After having that conversation with the attorney, I now have a clear picture of what exactly I need to do in order to create a more long-term Visa in Japan, and it seems very manageable (albeit a bit expensive).
Step 5. Reflect on your wins, highlight things that aren’t working, and iterate your plans.
Estimated Time — 1-2 hours.
Let’s assume that the show that I’ve launched doesn’t work — that nobody is interested in buying it and producing it and turning it into anything more than a series of videos that I might post on my YouTube channel.
That’s okay — for me, I learned so much in that process about what TV production looks like, what components go into it, and how to execute on those things that, for me, it was totally worth it if the idea completely goes to shit.
In the worst case, I have tons of great video content that I can use to later sell me and what I’m building.
It’s never entirely useless.
Often you’ll find that many of your experiments don’t work — the point isn’t to guarantee success here, it’s to simply try things.
In a separate database in Notion, I’ll often take an hour or two at the end of every month to write down wins, highlights, what went well, things I’ve procrastinated on, and so on.
Here’s what one of those pages will typically look like:
This works to remind me that, often, I do a lot in a given month even if it feels like I haven’t done shit.
But beyond that, if I see that I’m often procrastinating on something that I say I’ll do, it forces me to either take even smaller steps to bring that idea into fruition, or to simply give up on it.
That’s huge — executing on your dreams and visions is as much about eliminating things to focus on as it is choosing which areas to focus on.
Years later, that list that I’d created in Evernote now looks something like this:
It’s alarming how much can change in just a few years.
Most of the things that I’d accomplished often happened unconsciously — they were simply a by-product of relationships I’d built, luck, or circumstance.

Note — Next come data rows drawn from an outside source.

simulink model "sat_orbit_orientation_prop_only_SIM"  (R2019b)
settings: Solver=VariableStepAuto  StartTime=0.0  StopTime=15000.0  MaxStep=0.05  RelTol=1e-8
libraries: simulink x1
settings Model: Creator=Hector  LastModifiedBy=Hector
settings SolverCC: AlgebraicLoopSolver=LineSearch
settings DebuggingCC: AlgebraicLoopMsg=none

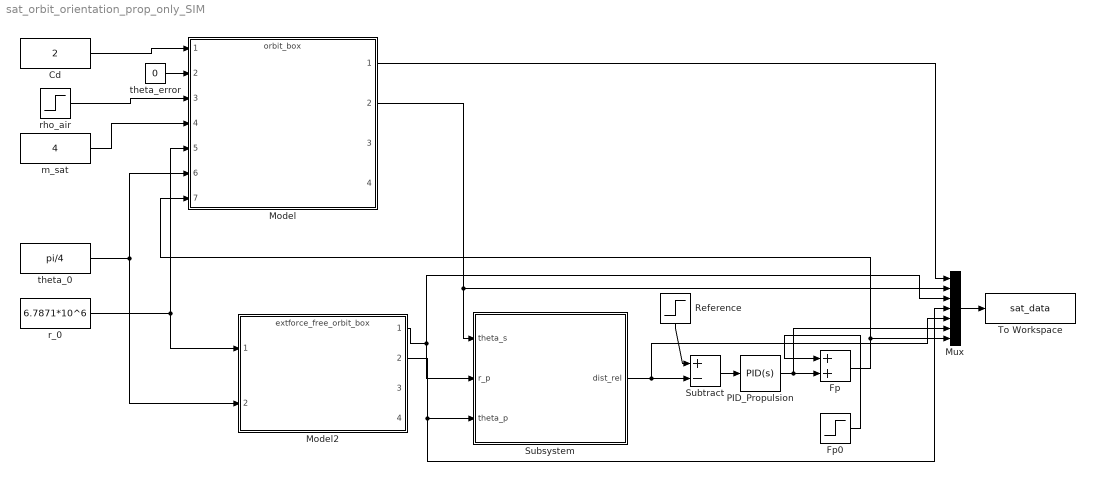
== system sat_orbit_orientation_prop_only_SIM ==
  Cd : Constant  Value=2
  Fp : Sum
  Fp0 : Step  Time=0  Before=1.2861*10^(-6)  After=1.2861*10^(-6)  SampleTime=1
  Model : ModelReference  ModelNameDialog=orbit_box.slx  SimulationMode=Normal  ModelReferenceVersion=1.37
  Model2 : ModelReference  ModelNameDialog=extforce_free_orbit_box.slx  SimulationMode=Normal  ModelReferenceVersion=1.35
  Mux : Mux  Inputs=7
  PID_Propulsion : simulink/Continuous/PID Controller  Controller=PID  Form=Parallel  TimeDomain=Continuous-time  SampleTime=-1  IntegratorMethod=Forward Euler  FilterMethod=Forward Euler  ControllerParametersSource=internal  P=2.11519715784155e-06  I=1.28628982869464e-10  D=0.00754921104528398  UseFilter=on  N=0.228565595208321  TunerSelectOption=Transfer Function Based (PID Tuner App)  InitialConditionSource=internal  InitialConditionForIntegrator=0  InitialConditionForFilter=0  DifferentiatorICPrevScaledInput=0  ExternalReset=none  TrackingMode=off  Kt=1  LimitOutput=off  UpperSaturationLimit=.05e-03  LowerSaturationLimit=0  LinearizeAsGain=off  AntiWindupMode=none  Kb=1  POutMin=[]  POutMax=[]  IOutMin=[]  IOutMax=[]  DOutMin=[]  DOutMax=[]  NOutMin=[]  NOutMax=[]  SumOutMin=[]  SumOutMax=[]  SaturationOutMin=[]  SaturationOutMax=[]  PParamMin=[]  PParamMax=[]  IParamMin=[]  IParamMax=[]  DParamMin=[]  DParamMax=[]  NParamMin=[]  NParamMax=[]  KbParamMin=[]  KbParamMax=[]  KtParamMin=[]  KtParamMax=[]  KbOutMin=[]  KbOutMax=[]  KtOutMin=[]  KtOutMax=[]  IntegratorOutMin=[]  IntegratorOutMax=[]  FilterOutMin=[]  FilterOutMax=[]  SumI1OutMin=[]  SumI1OutMax=[]  SumI2OutMin=[]  SumI2OutMax=[]  SumI3OutMin=[]  SumI3OutMax=[]  SumI4OutMin=[]  SumI4OutMax=[]  SumDOutMin=[]  SumDOutMax=[]  DifferentiatorOutMin=[]  DifferentiatorOutMax=[]  FilterDiffOutCoefMin=[]  FilterDiffOutCoefMax=[]  ReciprocalOutMin=[]  ReciprocalOutMax=[]  SumDenOutMin=[]  SumDenOutMax=[]  SumNumOutMin=[]  SumNumOutMax=[]  DivideOutMin=[]  DivideOutMax=[]  IntegratorContinuousStateAttributes=''  IntegratorStateMustResolveToSignalObject=off  IntegratorRTWStateStorageClass=Auto  FilterContinuousStateAttributes=''  FilterStateMustResolveToSignalObject=off  FilterRTWStateStorageClass=Auto  ParallelPVariant=InternalParameters  IdealPVariant=Disabled  IVariant=InternalParameters  DVariant=InternalParameters  IntegratorVariant=Continuous  SatVariant=Disabled  AWVariant=Passthrough  PCopyVariant=Disabled  TRVariant=Disabled  FdbkBlocksVariant=Forward  IdealPFdbkVariant=Disabled  SatFdbkVariant=Disabled  DerivativeFilterVariant=ContFilter  NVariant=InternalParameters  NCopyVariant=Disabled  FilterICVariant=InternalICsFilter  IntegratorICVariant=InternalICs  ExternalResetVariant=Disabled  TRSumVariant=Passthrough  SumFdbkVariant=Disabled  SumVariant=Sum_PID
  "Reference " : Step  Time=0  Before=0.02  After=0.02  SampleTime=1
  Subsystem : Subsystem
  Subtract : Sum  Inputs=+-
  To Workspace : ToWorkspace  VariableName=sat_data  SampleTime=-1
  m_sat : Constant  Value=4
  r_0 : Constant  Value=6.7871*10^6
  rho_air : Step  Time=0  Before=0.219*10^(-11)  After=0.219*10^(-11)  SampleTime=0
  theta_0 : Constant  Value=pi/4
  theta_error : Constant  Value=0
  wires:
  Cd/1 -> Model/1
  rho_air/1 -> Model/3
  m_sat/1 -> Model/4
  r_0/1 -> Model/5, Model2/1
  theta_0/1 -> Model/6, Model2/2
  Model/2 -> Mux/2, Subsystem/1(theta_s)
  Model/1 -> Mux/1
  Mux/1 -> To Workspace/1
  Model2/1 -> Mux/3, Subsystem/2(r_p)
  Model2/2 -> Mux/4, Subsystem/3(theta_p)
  Fp0/1 -> Fp/1
  PID_Propulsion/1 -> Mux/6, Fp/2
  Fp/1 -> Model/7, Mux/7
  theta_error/1 -> Model/2
  Subsystem/1(dist_rel) -> Mux/5, Subtract/2
  Subtract/1 -> PID_Propulsion/1
  "Reference "/1 -> Subtract/1

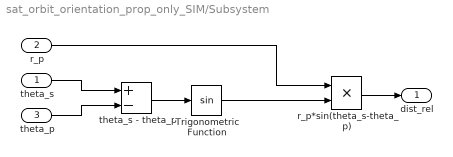
== system sat_orbit_orientation_prop_only_SIM/Subsystem ==
  theta_s : Inport
  r_p : Inport  Port=2
  theta_p : Inport  Port=3
  Trigonometric Function : Trigonometry
  r_p*sin(theta_s-theta_p) : Product
  theta_s - theta_p : Sum  Inputs=+-
  dist_rel : Outport
  wires:
  r_p/1 -> r_p*sin(theta_s-theta_p)/1
  theta_s/1 -> theta_s - theta_p/1
  theta_p/1 -> theta_s - theta_p/2
  theta_s - theta_p/1 -> Trigonometric Function/1
  r_p*sin(theta_s-theta_p)/1 -> dist_rel/1
  Trigonometric Function/1 -> r_p*sin(theta_s-theta_p)/2

Many of the goals just happened because of some strange turn my life had taken due to unforeseen circumstances — I never planned to live in Europe, for example, but Covid sent me here to Istanbul since my Visa was about to expire in Japan.
And there are dozens of other dreams and things that I’ve accomplished over the last few years that I didn’t even include on that list, too — epic, 200+ person parties that I’d organized with friends; a pivot into filmmaking; beautiful photography; amazing, life-changing mentorships and romantic relationships, etc.
Recently, my life has felt like a video game — I just level-up every quarter or every year or so, and not every hour.
And a lot of those accomplishments simply stemmed from that act of actively writing down my dreams.
Several weeks ago I went on a wonderful date with someone who was kind, thoughtful, who I connected with, and who was absolutely beautiful, in the middle of one of my favorite cities in the world.
It was one of those moments where you just think, somebody wake me up from this beautiful dream, please.
I looked up into the sky as we were holding each other’s hands and just smiled and said out loud, “What. Is. My. Life?”
“What do you mean?” she asked.
“I just mean… this is great.”
And I looked at her and I smiled and that was it.
The sad thing about life is that, at some point, if you want to, you will get everything you’ve ever wanted and more.
That’s also the beautiful part, too.